What makes Vetiver different from other grasses is the fact that it’s roots do not form a horizontal mat like the others but grow downwards as far as 4m (13 feet). Another good thing is that it propagates in a way that makes it easy to control – so it doesn’t become an invasive weed.

To know more about Vetiver and how to use it for erosion control, go to the Vetiver International Network Website and download their manuals, videos and presentations.

Terracing the Land

Now, while I’ve been extolling the benefits of natural solutions, there are times when we simply have to use brick and mortar solutions when structural demands have to be met. The [RaBV] bungalow at Nasrapur was built on steeply sloping land and we not only had to prevent erosion but also make sure that the building’s foundations had rock solid support even if an earthquake struck. In such a situation, simply planting Vetiver, or any other vegetation for that matter, would never have been sufficient.

The first thing to do in the design was to follow the slope of the land as closely as possible. The main floor level was split with the living room sunk by about 0.6m (2 feet) from the rest of the house. Then, the verandah which projected by 2.4m (8 feet) beyond the house line was almost 1.8m (6 feet) above surrounding ground level so instead of filling it up, a little earth was excavated and an extra level – like a basement – was created below the verandah. Not only did this reduce loading on the peripheral foundation wall in a big way but is also served as a space for garden implements, a separate room for rainwater harvesting tanks and parking for a motorcycle.

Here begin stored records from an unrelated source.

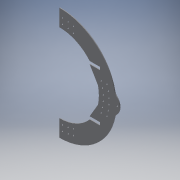
# Autodesk Inventor part: 19in outer coil TOP
Saved by Autodesk Inventor 2016 (Build 200138000, 138)
## iProperties
Created: 2016-01-31
Part Number: 19in outer coil TOP
Material: Copper, Alloy
Document SubType Name: Modeling
Designer: Scott
Density: 8.92 g/cm^3
Appearance: Copper - Satin
Mass: 1466.43 g
Surface Area: 1106.36 cm^2
Volume: 164.398 cm^3
Author: Scott
Autodesk Inventor part; units mm, degrees
ref_plane "YZ Plane" through (0, 0, 0) normal (1, 0, 0) x (0, 1, 0)
ref_plane "XZ Plane" through (0, 0, 0) normal (0, 1, 0) x (-1, 0, 0)
sketch "Sketch1" plane through (0, 0, 0) normal (0, 0, 1) x (1, 0, 0)
  circle A0 centre (62.4463, 65.7663) radius 3.175 projected
  circle A1 centre (37.8886, 72.253) radius 3.175 projected
  circle A2 centre (12.7, 75.5236) radius 3.175 projected
  circle A3 centre (12.7, 100.9706) radius 3.175 projected
  circle A4 centre (37.9341, 98.0724) radius 3.175 projected
  circle A5 centre (62.6728, 92.3141) radius 3.175 projected
  circle A6 centre (-62.6728, 92.3141) radius 3.175 projected
  circle A7 centre (-37.9341, 98.0724) radius 3.175 projected
  circle A8 centre (-12.7, 100.9706) radius 3.175 projected
  circle A9 centre (-12.7, 75.5236) radius 3.175 projected
  circle A10 centre (-37.8886, 72.253) radius 3.175 projected
  circle A11 centre (-62.4463, 65.7663) radius 3.175 projected
  circle A12 centre (-196.4399, -108.2163) radius 3.175 projected
  circle A13 centre (-193.1693, -83.0277) radius 3.175 projected
  circle A14 centre (-186.6826, -58.47) radius 3.175 projected
  circle A15 centre (-213.2304, -58.2435) radius 3.175 projected
  circle A16 centre (-218.9887, -82.9822) radius 3.175 projected
  circle A17 centre (-221.8868, -108.2163) radius 3.175 projected
  circle A18 centre (196.4399, -108.2163) radius 3.175 projected
  circle A19 centre (193.1693, -83.0277) radius 3.175 projected
  circle A20 centre (186.6826, -58.47) radius 3.175 projected
  circle A21 centre (213.2304, -58.2435) radius 3.175 projected
  circle A22 centre (218.9887, -82.9822) radius 3.175 projected
  circle A23 centre (221.8868, -108.2163) radius 3.175 projected
  arc A24 (241.3, -120.9163) -> (-241.3, -120.9163) centre (0, -120.9163) ccw projected
  line L0 (-241.3, -120.9163) -> (-177.8, -120.9163) projected
  arc A25 (177.8, -120.9163) -> (-177.8, -120.9163) centre (0, -120.9163) ccw projected
  line L1 (177.8, -120.9163) -> (241.3, -120.9163) projected
  circle A26 centre (-62.4463, -307.5989) radius 3.175 projected
  circle A27 centre (-37.8886, -314.0856) radius 3.175 projected
  circle A28 centre (-12.7, -317.3562) radius 3.175 projected
  circle A29 centre (-12.7, -342.8031) radius 3.175 projected
  circle A30 centre (-37.9341, -339.905) radius 3.175 projected
  circle A31 centre (-62.6728, -334.1466) radius 3.175 projected
  circle A32 centre (62.6728, -334.1466) radius 3.175 projected
  circle A33 centre (37.9341, -339.905) radius 3.175 projected
  circle A34 centre (12.7, -342.8031) radius 3.175 projected
  circle A35 centre (12.7, -317.3562) radius 3.175 projected
  circle A36 centre (37.8886, -314.0856) radius 3.175 projected
  circle A37 centre (62.4463, -307.5989) radius 3.175 projected
  circle A38 centre (196.4399, -133.6163) radius 3.175 projected
  circle A39 centre (193.1693, -158.8048) radius 3.175 projected
  circle A40 centre (186.6826, -183.3626) radius 3.175 projected
  circle A41 centre (213.2304, -183.5891) radius 3.175 projected
  circle A42 centre (218.9887, -158.8504) radius 3.175 projected
  circle A43 centre (221.8868, -133.6163) radius 3.175 projected
  circle A44 centre (-196.4399, -133.6163) radius 3.175 projected
  circle A45 centre (-193.1693, -158.8048) radius 3.175 projected
  circle A46 centre (-186.6826, -183.3626) radius 3.175 projected
  circle A47 centre (-213.2304, -183.5891) radius 3.175 projected
  circle A48 centre (-218.9887, -158.8504) radius 3.175 projected
  circle A49 centre (-221.8868, -133.6163) radius 3.175 projected
  arc A50 (-241.3, -120.9163) -> (241.3, -120.9163) centre (0, -120.9163) ccw projected
  line L2 (241.3, -120.9163) -> (177.8, -120.9163) projected
  arc A51 (-177.8, -120.9163) -> (177.8, -120.9163) centre (0, -120.9163) ccw projected
  line L3 (-177.8, -120.9163) -> (-241.3, -120.9163) projected
  circle A52 centre (0, -120.9163) radius 254
  line L4 (-254, -120.9163) -> (-254, 133.0837)
  line L5 (0, 133.0837) -> (-254, 133.0837)
  line L6 (-254, 100.9706) -> (-254, 104.1456)
  line L7 (-254, 56.8837) -> (-254, 60.0587)
  line L8 (0, -120.9163) -> (-254, 133.0837)
  line L9 (-179.6051, 58.6888) -> (-254, 133.0837)
  circle A53 centre (-216.8026, 95.8863) radius 3.302
  circle A54 centre (259.6856, -120.9163) radius 3.302
  arc A55 (271.0214, -121.5373) -> (259.974, -104.2042) centre (252.2597, -121.3082) ccw
  arc A56 (252.5671, -93.9743) -> (259.974, -104.2042) centre (265.1954, -92.6272) ccw
  line L10 (252.5671, -93.9743) -> (247.0534, -93.9743)
  line L11 (247.0534, -93.9743) -> (247.0534, -120.9163)
  arc A57 (257.0711, -139.4439) -> (271.0214, -121.5373) centre (252.2597, -121.3082) ccw
  arc A58 (257.0711, -139.4439) -> (252.5671, -147.8582) centre (265.1954, -149.2053) ccw
  line L12 (252.5671, -147.8582) -> (247.0534, -147.8582)
  line L13 (247.0534, -147.8582) -> (247.0534, -120.9163)
  line L14 (-254, -120.9163) -> (-254, -374.9163)
  line L15 (-254, -374.9163) -> (0, -374.9163)
  point P0 (0, 0)
  dimension "d0" = 508
  dimension "d3" = 6.604
  dimension "d7" = 6.604
  dimension "d8" = 12.7
  constraints: 24 end point, 12 point on circle, 7 centre point, 3 point on line, 3 tangent, 2 horizontal, 1 coincident, 1 collinear, 1 midpoint, 1 perpendicular, 1 vertical
  measures "d0" diameter of A52
  measures "d3" diameter of A53
  measures "d7" diameter of A54
  measures "d8" radius of A56
extrude "Extrusion1" add sketch "Sketch1" along normal blind 3.175 contours L1 A25 L8 A24 | A50 L0 A51 L1 | L8 A25 L0 A24 | A52 L12 L13 L11 L10 | A52 A56 A55 A57 A58 | L10 L11 L13 L12 A52 | A52 L8 A53 L5 | L15 L14 A52 | A52 L4 L8 A53 | A53 L8 | L8 A53
sketch "Sketch2" plane through (0, 0, 3.175) normal (0, 0, 1) x (1, 0, 0)
  circle A0 centre (259.6856, -120.9163) radius 3.302 projected
  arc A1 (252.5671, -93.9743) -> (0, 133.0837) centre (0, -120.9163) ccw projected
  line L0 (0, 133.0837) -> (-254, 133.0837) projected
  line L1 (-254, 133.0837) -> (-254, -374.9163) projected
  line L2 (-254, -374.9163) -> (0, -374.9163) projected
  arc A2 (0, -374.9163) -> (252.5671, -147.8582) centre (0, -120.9163) ccw projected
  arc A3 (257.0711, -139.4439) -> (252.5671, -147.8582) centre (265.1954, -149.2053) ccw projected
  arc A4 (257.0711, -139.4439) -> (259.974, -104.2042) centre (252.2597, -121.3082) ccw projected
  arc A5 (252.5671, -93.9743) -> (259.974, -104.2042) centre (265.1954, -92.6272) ccw projected
  circle A6 centre (-62.4463, -307.5989) radius 3.175 projected
  circle A7 centre (-37.8886, -314.0856) radius 3.175 projected
  circle A8 centre (-12.7, -317.3562) radius 3.175 projected
  circle A9 centre (-12.7, -342.8031) radius 3.175 projected
  circle A10 centre (-37.9341, -339.905) radius 3.175 projected
  circle A11 centre (-62.6728, -334.1466) radius 3.175 projected
  circle A12 centre (62.6728, -334.1466) radius 3.175 projected
  circle A13 centre (37.9341, -339.905) radius 3.175 projected
  circle A14 centre (12.7, -342.8031) radius 3.175 projected
  circle A15 centre (12.7, -317.3562) radius 3.175 projected
  circle A16 centre (37.8886, -314.0856) radius 3.175 projected
  circle A17 centre (62.4463, -307.5989) radius 3.175 projected
  circle A18 centre (196.4399, -133.6163) radius 3.175 projected
  circle A19 centre (193.1693, -158.8048) radius 3.175 projected
  circle A20 centre (186.6826, -183.3626) radius 3.175 projected
  circle A21 centre (213.2304, -183.5891) radius 3.175 projected
  circle A22 centre (218.9887, -158.8504) radius 3.175 projected
  circle A23 centre (221.8868, -133.6163) radius 3.175 projected
  circle A24 centre (-196.4399, -133.6163) radius 3.175 projected
  circle A25 centre (-193.1693, -158.8048) radius 3.175 projected
  circle A26 centre (-186.6826, -183.3626) radius 3.175 projected
  circle A27 centre (-213.2304, -183.5891) radius 3.175 projected
  circle A28 centre (-218.9887, -158.8504) radius 3.175 projected
  circle A29 centre (-221.8868, -133.6163) radius 3.175 projected
  circle A30 centre (221.8868, -108.2163) radius 3.175 projected
  circle A31 centre (218.9887, -82.9822) radius 3.175 projected
  circle A32 centre (213.2304, -58.2435) radius 3.175 projected
  circle A33 centre (186.6826, -58.47) radius 3.175 projected
  circle A34 centre (193.1693, -83.0277) radius 3.175 projected
  circle A35 centre (196.4399, -108.2163) radius 3.175 projected
  circle A36 centre (-221.8868, -108.2163) radius 3.175 projected
  circle A37 centre (-218.9887, -82.9822) radius 3.175 projected
  circle A38 centre (-213.2304, -58.2435) radius 3.175 projected
  circle A39 centre (-186.6826, -58.47) radius 3.175 projected
  circle A40 centre (-193.1693, -83.0277) radius 3.175 projected
  circle A41 centre (-196.4399, -108.2163) radius 3.175 projected
  circle A42 centre (-62.4463, 65.7663) radius 3.175 projected
  circle A43 centre (-37.8886, 72.253) radius 3.175 projected
  circle A44 centre (-12.7, 75.5236) radius 3.175 projected
  circle A45 centre (-12.7, 100.9706) radius 3.175 projected
  circle A46 centre (-37.9341, 98.0724) radius 3.175 projected
  circle A47 centre (-62.6728, 92.3141) radius 3.175 projected
  circle A48 centre (62.6728, 92.3141) radius 3.175 projected
  circle A49 centre (37.9341, 98.0724) radius 3.175 projected
  circle A50 centre (12.7, 100.9706) radius 3.175 projected
  circle A51 centre (12.7, 75.5236) radius 3.175 projected
  circle A52 centre (37.8886, 72.253) radius 3.175 projected
  circle A53 centre (62.4463, 65.7663) radius 3.175 projected
  circle A54 centre (0, -120.9163) radius 177.8 projected
  line L3 (0, -120.9163) -> (-321.8066, -120.9163)
  line L4 (-321.8066, -120.9163) -> (-321.8066, -440.0394)
  line L5 (-321.8066, -440.0394) -> (0, -440.0394)
  line L6 (0, -440.0394) -> (0, -120.9163)
  line L7 (0, -120.9163) -> (-359.6849, -120.9163)
  line L8 (-359.6849, -120.9163) -> (-359.6849, 186.2685)
  line L9 (-359.6849, 186.2685) -> (0, 186.2685)
  line L10 (0, 186.2685) -> (0, -120.9163)
  point P0 (0, 0)
  constraints: 16 end point, 4 parallel, 2 horizontal, 2 perpendicular
extrude "Extrusion2" cut sketch "Sketch2" against normal blind 25.4 contours L10 A54 L3 L1 L0 | L0 L1 L3 L7 L8 L9 L10 | L10 L3 A54 | L3 A54 L6 L2 L1 | L1 L2 L6 L5 L4 L3 | L3 L6 A54
sketch "Sketch3" plane through (0, 0, 3.175) normal (0, 0, 1) x (1, 0, 0)
  line L0 (0, 133.0837) -> (0, 56.8837) projected
  arc A0 (0, -298.7163) -> (0, 56.8837) centre (0, -120.9163) ccw projected
  line L1 (0, -298.7163) -> (0, -374.9163) projected
  arc A1 (0, -374.9163) -> (252.5671, -147.8582) centre (0, -120.9163) ccw projected
  arc A2 (257.0711, -139.4439) -> (252.5671, -147.8582) centre (265.1954, -149.2053) ccw projected
  arc A3 (257.0711, -139.4439) -> (259.974, -104.2042) centre (252.2597, -121.3082) ccw projected
  arc A4 (252.5671, -93.9743) -> (259.974, -104.2042) centre (265.1954, -92.6272) ccw projected
  arc A5 (252.5671, -93.9743) -> (0, 133.0837) centre (0, -120.9163) ccw projected
  circle A6 centre (259.6856, -120.9163) radius 3.302 projected
  circle A7 centre (62.6728, -334.1466) radius 3.175 projected
  circle A8 centre (37.9341, -339.905) radius 3.175 projected
  circle A9 centre (12.7, -342.8031) radius 3.175 projected
  circle A10 centre (12.7, -317.3562) radius 3.175 projected
  circle A11 centre (37.8886, -314.0856) radius 3.175 projected
  circle A12 centre (62.4463, -307.5989) radius 3.175 projected
  circle A13 centre (196.4399, -133.6163) radius 3.175 projected
  circle A14 centre (193.1693, -158.8048) radius 3.175 projected
  circle A15 centre (186.6826, -183.3626) radius 3.175 projected
  circle A16 centre (213.2304, -183.5891) radius 3.175 projected
  circle A17 centre (218.9887, -158.8504) radius 3.175 projected
  circle A18 centre (221.8868, -133.6163) radius 3.175 projected
  circle A19 centre (221.8868, -108.2163) radius 3.175 projected
  circle A20 centre (218.9887, -82.9822) radius 3.175 projected
  circle A21 centre (213.2304, -58.2435) radius 3.175 projected
  circle A22 centre (186.6826, -58.47) radius 3.175 projected
  circle A23 centre (193.1693, -83.0277) radius 3.175 projected
  circle A24 centre (196.4399, -108.2163) radius 3.175 projected
  circle A25 centre (62.6728, 92.3141) radius 3.175 projected
  circle A26 centre (37.9341, 98.0724) radius 3.175 projected
  circle A27 centre (12.7, 100.9706) radius 3.175 projected
  circle A28 centre (12.7, 75.5236) radius 3.175 projected
  circle A29 centre (37.8886, 72.253) radius 3.175 projected
  circle A30 centre (62.4463, 65.7663) radius 3.175 projected
  line L2 (259.6856, -120.9163) -> (273.9072, -120.9163)
  arc A31 (252.5671, -93.9743) -> (0, 133.0837) centre (0, -120.9163) ccw projected
  arc A32 (272.2239, -120.9163) -> (256.4729, -84.338) centre (221.8757, -120.9163) ccw
  arc A33 (249.0244, -70.8876) -> (248.8079, -69.822) centre (0, -120.9163) ccw
  arc A34 (249.0244, -70.8876) -> (256.4729, -84.338) centre (273.9268, -65.8847) ccw
  arc A35 (256.4729, -157.4946) -> (272.2239, -120.9163) centre (221.8757, -120.9163) ccw
  arc A36 (256.4729, -157.4946) -> (249.0244, -170.945) centre (273.9268, -175.9478) ccw
  line L3 (249.0244, -70.8876) -> (249.0244, -170.945)
  point P0 (0, 0)
  dimension "d13" = 25.4
  constraints: 12 point on circle, 5 centre point, 4 end point, 3 symmetric about line, 2 tangent, 1 horizontal, 1 point on line, 1 vertical, 2 other
  measures "d13" radius of A34
extrude "Extrusion3" add sketch "Sketch3" against normal blind 3.175 contours A34 A32 L2 A3 A4 A5 | A5 A4 A3 A2 A1 L3 | A1 A2 A3 L2 A35 A36
sketch "Sketch4" plane through (0, 0, 3.175) normal (0, 0, 1) x (1, 0, 0)
  circle A0 centre (259.6856, -120.9163) radius 3.302 projected
  circle A1 centre (62.4463, 65.7663) radius 3.175 projected
  circle A2 centre (37.8886, 72.253) radius 3.175 projected
  circle A3 centre (12.7, 75.5236) radius 3.175 projected
  circle A4 centre (12.7, 100.9706) radius 3.175 projected
  circle A5 centre (37.9341, 98.0724) radius 3.175 projected
  circle A6 centre (62.6728, 92.3141) radius 3.175 projected
  circle A7 centre (196.4399, -108.2163) radius 3.175 projected
  circle A8 centre (193.1693, -83.0277) radius 3.175 projected
  circle A9 centre (186.6826, -58.47) radius 3.175 projected
  circle A10 centre (213.2304, -58.2435) radius 3.175 projected
  circle A11 centre (218.9887, -82.9822) radius 3.175 projected
  circle A12 centre (221.8868, -108.2163) radius 3.175 projected
  circle A13 centre (221.8868, -133.6163) radius 3.175 projected
  circle A14 centre (218.9887, -158.8504) radius 3.175 projected
  circle A15 centre (213.2304, -183.5891) radius 3.175 projected
  circle A16 centre (186.6826, -183.3626) radius 3.175 projected
  circle A17 centre (193.1693, -158.8048) radius 3.175 projected
  circle A18 centre (196.4399, -133.6163) radius 3.175 projected
  circle A19 centre (62.4463, -307.5989) radius 3.175 projected
  circle A20 centre (37.8886, -314.0856) radius 3.175 projected
  circle A21 centre (12.7, -317.3562) radius 3.175 projected
  circle A22 centre (12.7, -342.8031) radius 3.175 projected
  circle A23 centre (37.9341, -339.905) radius 3.175 projected
  circle A24 centre (62.6728, -334.1466) radius 3.175 projected
  arc A25 (256.4729, -157.4946) -> (249.0244, -170.945) centre (273.9268, -175.9478) ccw projected
  arc A26 (256.4729, -157.4946) -> (256.4729, -84.338) centre (221.8757, -120.9163) ccw projected
  arc A27 (249.0244, -70.8876) -> (256.4729, -84.338) centre (273.9268, -65.8847) ccw projected
  arc A28 (249.0244, -70.8876) -> (0, 133.0837) centre (0, -120.9163) ccw projected
  line L0 (0, 133.0837) -> (0, 56.8837) projected
  arc A29 (0, -298.7163) -> (0, 56.8837) centre (0, -120.9163) ccw projected
  line L1 (0, -298.7163) -> (0, -374.9163) projected
  arc A30 (0, -374.9163) -> (249.0244, -170.945) centre (0, -120.9163) ccw projected
  circle A31 centre (62.4463, 65.7663) radius 3.302
  circle A32 centre (62.6728, 92.3141) radius 3.302
  circle A33 centre (37.8886, 72.253) radius 3.302
  circle A34 centre (37.9341, 98.0724) radius 3.302
  circle A35 centre (12.7, 75.5236) radius 3.302
  circle A36 centre (12.7, 100.9706) radius 3.302
  circle A37 centre (213.2304, -58.2435) radius 3.302
  circle A38 centre (186.6826, -58.47) radius 3.302
  circle A39 centre (193.1693, -83.0277) radius 3.302
  circle A40 centre (218.9887, -82.9822) radius 3.302
  circle A41 centre (221.8868, -108.2163) radius 3.302
  circle A42 centre (196.4399, -108.2163) radius 3.302
  circle A43 centre (196.4399, -133.6163) radius 3.302
  circle A44 centre (221.8868, -133.6163) radius 3.302
  circle A45 centre (218.9887, -158.8504) radius 3.302
  circle A46 centre (193.1693, -158.8048) radius 3.302
  circle A47 centre (186.6826, -183.3626) radius 3.302
  circle A48 centre (213.2304, -183.5891) radius 3.302
  circle A49 centre (62.4463, -307.5989) radius 3.302
  circle A50 centre (62.6728, -334.1466) radius 3.302
  circle A51 centre (37.9341, -339.905) radius 3.302
  circle A52 centre (37.8886, -314.0856) radius 3.302
  circle A53 centre (12.7, -317.3562) radius 3.302
  circle A54 centre (12.7, -342.8031) radius 3.302
  point P0 (0, 0)
  dimension "d19" = 6.604
  dimension "d20" = 6.604
  dimension "d21" = 6.604
  dimension "d22" = 6.604
  dimension "d23" = 6.604
  dimension "d24" = 6.604
  dimension "d25" = 6.604
  dimension "d26" = 6.604
  dimension "d27" = 6.604
  dimension "d28" = 6.604
  dimension "d29" = 6.604
  dimension "d30" = 6.604
  dimension "d31" = 6.604
  dimension "d32" = 6.604
  dimension "d33" = 6.604
  dimension "d34" = 6.604
  dimension "d35" = 6.604
  dimension "d36" = 6.604
  dimension "d37" = 6.604
  dimension "d38" = 6.604
  dimension "d39" = 6.604
  dimension "d40" = 6.604
  dimension "d41" = 6.604
  dimension "d42" = 6.604
  constraints: 24 centre point, 24 coincident
  measures "d19" diameter of A36
  measures "d20" diameter of A35
  measures "d21" diameter of A33
  measures "d22" diameter of A34
  measures "d23" diameter of A32
  measures "d24" diameter of A31
  measures "d25" diameter of A37
  measures "d26" diameter of A40
  measures "d27" diameter of A38
  measures "d28" diameter of A39
  measures "d29" diameter of A42
  measures "d30" diameter of A41
  measures "d31" diameter of A44
  measures "d32" diameter of A43
  measures "d33" diameter of A46
  measures "d34" diameter of A45
  measures "d35" diameter of A47
  measures "d36" diameter of A48
  measures "d37" diameter of A49
  measures "d38" diameter of A50
  measures "d39" diameter of A51
  measures "d40" diameter of A52
  measures "d41" diameter of A54
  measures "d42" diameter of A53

The verandah effectively then, became the first terrace. Then, to buttress the foundation, a second terrace was created just in front of the basement. Here, we planted only shrubs and bushes – nothing with strong roots that might weaken the stone wall at some future date. Finally, we built a retaining wall to support the second terrace.

Maybe it was unnecessary to go so far but, when there is going to be no second chance to correct a mistake, you tend to err on the side of caution. Around the bungalow, on non-critical slopes, local vegetation has been allowed to grow naturally and has taken root well enough to protect against erosion.